Data records:
===============
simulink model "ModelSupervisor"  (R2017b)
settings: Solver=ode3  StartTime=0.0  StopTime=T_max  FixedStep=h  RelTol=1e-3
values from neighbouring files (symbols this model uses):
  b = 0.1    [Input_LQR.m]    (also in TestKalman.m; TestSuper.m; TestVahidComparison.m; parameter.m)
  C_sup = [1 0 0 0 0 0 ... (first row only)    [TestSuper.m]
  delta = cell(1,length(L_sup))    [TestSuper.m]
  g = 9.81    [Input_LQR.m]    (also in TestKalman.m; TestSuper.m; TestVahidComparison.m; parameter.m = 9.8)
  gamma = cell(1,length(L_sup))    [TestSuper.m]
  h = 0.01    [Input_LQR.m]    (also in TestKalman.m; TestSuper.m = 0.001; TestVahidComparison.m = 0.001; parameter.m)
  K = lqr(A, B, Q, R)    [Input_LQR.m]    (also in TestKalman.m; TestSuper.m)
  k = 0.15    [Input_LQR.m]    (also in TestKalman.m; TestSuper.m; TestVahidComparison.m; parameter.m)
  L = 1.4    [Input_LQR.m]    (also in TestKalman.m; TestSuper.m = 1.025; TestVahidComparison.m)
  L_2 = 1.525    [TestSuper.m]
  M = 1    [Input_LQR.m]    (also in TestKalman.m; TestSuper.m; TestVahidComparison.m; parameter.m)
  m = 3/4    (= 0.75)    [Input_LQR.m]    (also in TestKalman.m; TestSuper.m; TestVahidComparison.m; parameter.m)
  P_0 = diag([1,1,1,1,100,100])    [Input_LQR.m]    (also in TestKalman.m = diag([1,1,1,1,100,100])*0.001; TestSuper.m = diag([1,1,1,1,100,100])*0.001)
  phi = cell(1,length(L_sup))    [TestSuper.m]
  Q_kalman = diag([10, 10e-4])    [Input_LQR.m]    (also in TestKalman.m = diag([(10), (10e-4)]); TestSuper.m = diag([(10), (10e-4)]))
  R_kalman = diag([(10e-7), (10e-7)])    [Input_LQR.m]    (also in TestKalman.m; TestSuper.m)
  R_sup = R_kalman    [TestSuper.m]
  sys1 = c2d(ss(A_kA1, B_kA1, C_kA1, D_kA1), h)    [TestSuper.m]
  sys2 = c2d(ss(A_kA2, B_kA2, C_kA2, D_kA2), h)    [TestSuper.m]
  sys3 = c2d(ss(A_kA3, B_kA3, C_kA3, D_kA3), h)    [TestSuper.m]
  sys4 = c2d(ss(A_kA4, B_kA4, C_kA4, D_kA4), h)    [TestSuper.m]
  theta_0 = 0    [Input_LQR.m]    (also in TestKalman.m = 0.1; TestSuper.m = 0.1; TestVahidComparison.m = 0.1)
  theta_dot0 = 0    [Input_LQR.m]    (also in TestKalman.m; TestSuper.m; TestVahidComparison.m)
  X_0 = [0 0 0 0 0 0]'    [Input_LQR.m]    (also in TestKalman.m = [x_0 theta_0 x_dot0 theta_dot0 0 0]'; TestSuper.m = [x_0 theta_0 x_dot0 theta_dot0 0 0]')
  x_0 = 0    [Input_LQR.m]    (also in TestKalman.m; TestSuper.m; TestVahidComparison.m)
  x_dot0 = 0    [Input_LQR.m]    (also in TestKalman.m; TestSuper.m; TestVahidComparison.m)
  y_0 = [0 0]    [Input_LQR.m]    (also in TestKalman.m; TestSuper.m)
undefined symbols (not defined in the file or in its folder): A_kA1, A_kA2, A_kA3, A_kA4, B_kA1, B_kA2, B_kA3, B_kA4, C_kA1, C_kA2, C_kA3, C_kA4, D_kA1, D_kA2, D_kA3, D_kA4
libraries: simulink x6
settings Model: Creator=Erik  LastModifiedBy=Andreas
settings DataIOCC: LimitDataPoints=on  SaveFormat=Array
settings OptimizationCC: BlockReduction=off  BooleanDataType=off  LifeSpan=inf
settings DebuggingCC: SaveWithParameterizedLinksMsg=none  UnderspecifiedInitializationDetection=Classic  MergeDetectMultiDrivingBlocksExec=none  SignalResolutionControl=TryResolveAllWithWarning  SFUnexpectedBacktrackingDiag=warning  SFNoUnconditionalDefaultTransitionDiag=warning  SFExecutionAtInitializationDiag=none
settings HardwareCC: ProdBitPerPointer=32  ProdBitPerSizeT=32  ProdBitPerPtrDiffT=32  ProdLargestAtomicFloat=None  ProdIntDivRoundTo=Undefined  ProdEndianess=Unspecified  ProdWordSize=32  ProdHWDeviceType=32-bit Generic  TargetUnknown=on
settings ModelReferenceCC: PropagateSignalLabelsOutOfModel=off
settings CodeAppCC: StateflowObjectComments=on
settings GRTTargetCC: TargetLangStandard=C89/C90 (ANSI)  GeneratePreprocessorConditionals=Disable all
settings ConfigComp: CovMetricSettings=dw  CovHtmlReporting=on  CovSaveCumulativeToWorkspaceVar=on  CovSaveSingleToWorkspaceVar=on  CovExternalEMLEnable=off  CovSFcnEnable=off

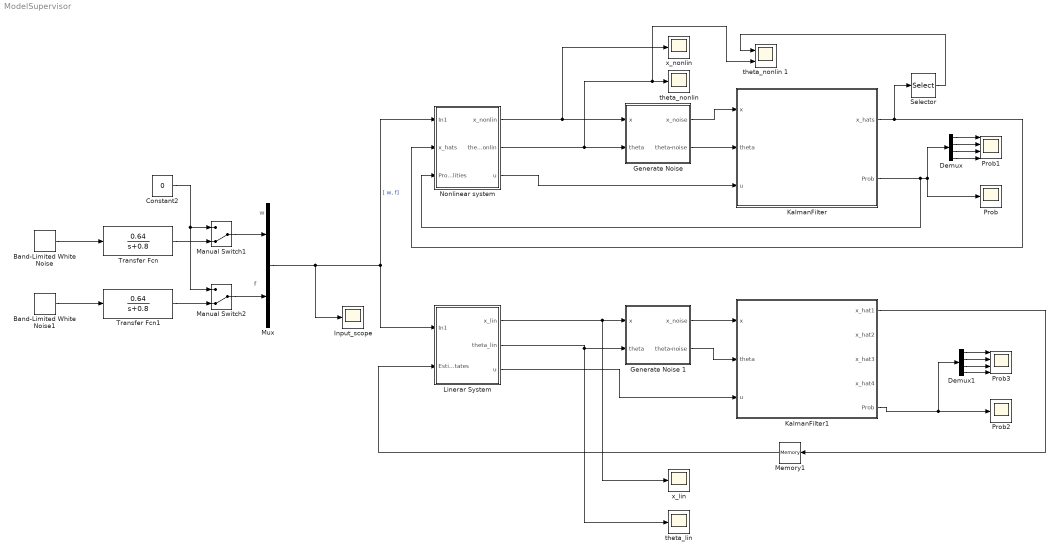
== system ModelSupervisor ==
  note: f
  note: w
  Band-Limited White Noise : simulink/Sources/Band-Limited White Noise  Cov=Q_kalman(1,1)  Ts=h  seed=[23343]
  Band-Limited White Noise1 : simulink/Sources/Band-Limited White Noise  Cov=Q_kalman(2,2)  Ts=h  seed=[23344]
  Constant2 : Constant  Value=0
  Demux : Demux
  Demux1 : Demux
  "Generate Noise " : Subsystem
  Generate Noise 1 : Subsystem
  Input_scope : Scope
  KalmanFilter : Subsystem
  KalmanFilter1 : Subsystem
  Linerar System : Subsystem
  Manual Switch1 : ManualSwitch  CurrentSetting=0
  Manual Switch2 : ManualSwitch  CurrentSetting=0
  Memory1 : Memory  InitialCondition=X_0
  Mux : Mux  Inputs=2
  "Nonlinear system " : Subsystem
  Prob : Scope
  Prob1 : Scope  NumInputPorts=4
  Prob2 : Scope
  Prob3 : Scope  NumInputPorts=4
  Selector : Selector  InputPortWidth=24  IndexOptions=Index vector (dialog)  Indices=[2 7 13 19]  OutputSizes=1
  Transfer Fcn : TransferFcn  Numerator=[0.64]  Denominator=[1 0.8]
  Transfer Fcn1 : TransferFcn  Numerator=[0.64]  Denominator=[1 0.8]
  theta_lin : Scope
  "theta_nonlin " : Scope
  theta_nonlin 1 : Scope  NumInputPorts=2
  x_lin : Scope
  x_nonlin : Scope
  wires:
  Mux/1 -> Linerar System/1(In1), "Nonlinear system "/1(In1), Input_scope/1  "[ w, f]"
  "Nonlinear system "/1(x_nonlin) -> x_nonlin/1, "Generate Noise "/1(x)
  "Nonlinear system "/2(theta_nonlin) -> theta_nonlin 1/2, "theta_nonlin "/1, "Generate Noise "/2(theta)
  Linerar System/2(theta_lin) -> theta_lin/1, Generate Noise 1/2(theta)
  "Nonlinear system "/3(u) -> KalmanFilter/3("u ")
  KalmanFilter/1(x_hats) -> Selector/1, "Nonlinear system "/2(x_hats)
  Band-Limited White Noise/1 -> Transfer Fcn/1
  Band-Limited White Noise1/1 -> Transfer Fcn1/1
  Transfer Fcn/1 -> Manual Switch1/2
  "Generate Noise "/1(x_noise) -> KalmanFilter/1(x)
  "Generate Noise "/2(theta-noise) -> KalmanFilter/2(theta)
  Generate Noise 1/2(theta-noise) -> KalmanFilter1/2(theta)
===============
Exercise | The lines above, starting at the one with "sys4 = c2d(ss(A_kA4, B_kA4, C_kA4, D_kA4), h)" and ending at the one with "theta_dot0 = 0", are the only ones to return, exactly as written.

Output for this task |
  sys4 = c2d(ss(A_kA4, B_kA4, C_kA4, D_kA4), h)    [TestSuper.m]
  theta_0 = 0    [Input_LQR.m]    (also in TestKalman.m = 0.1; TestSuper.m = 0.1; TestVahidComparison.m = 0.1)
  theta_dot0 = 0    [Input_LQR.m]    (also in TestKalman.m; TestSuper.m; TestVahidComparison.m)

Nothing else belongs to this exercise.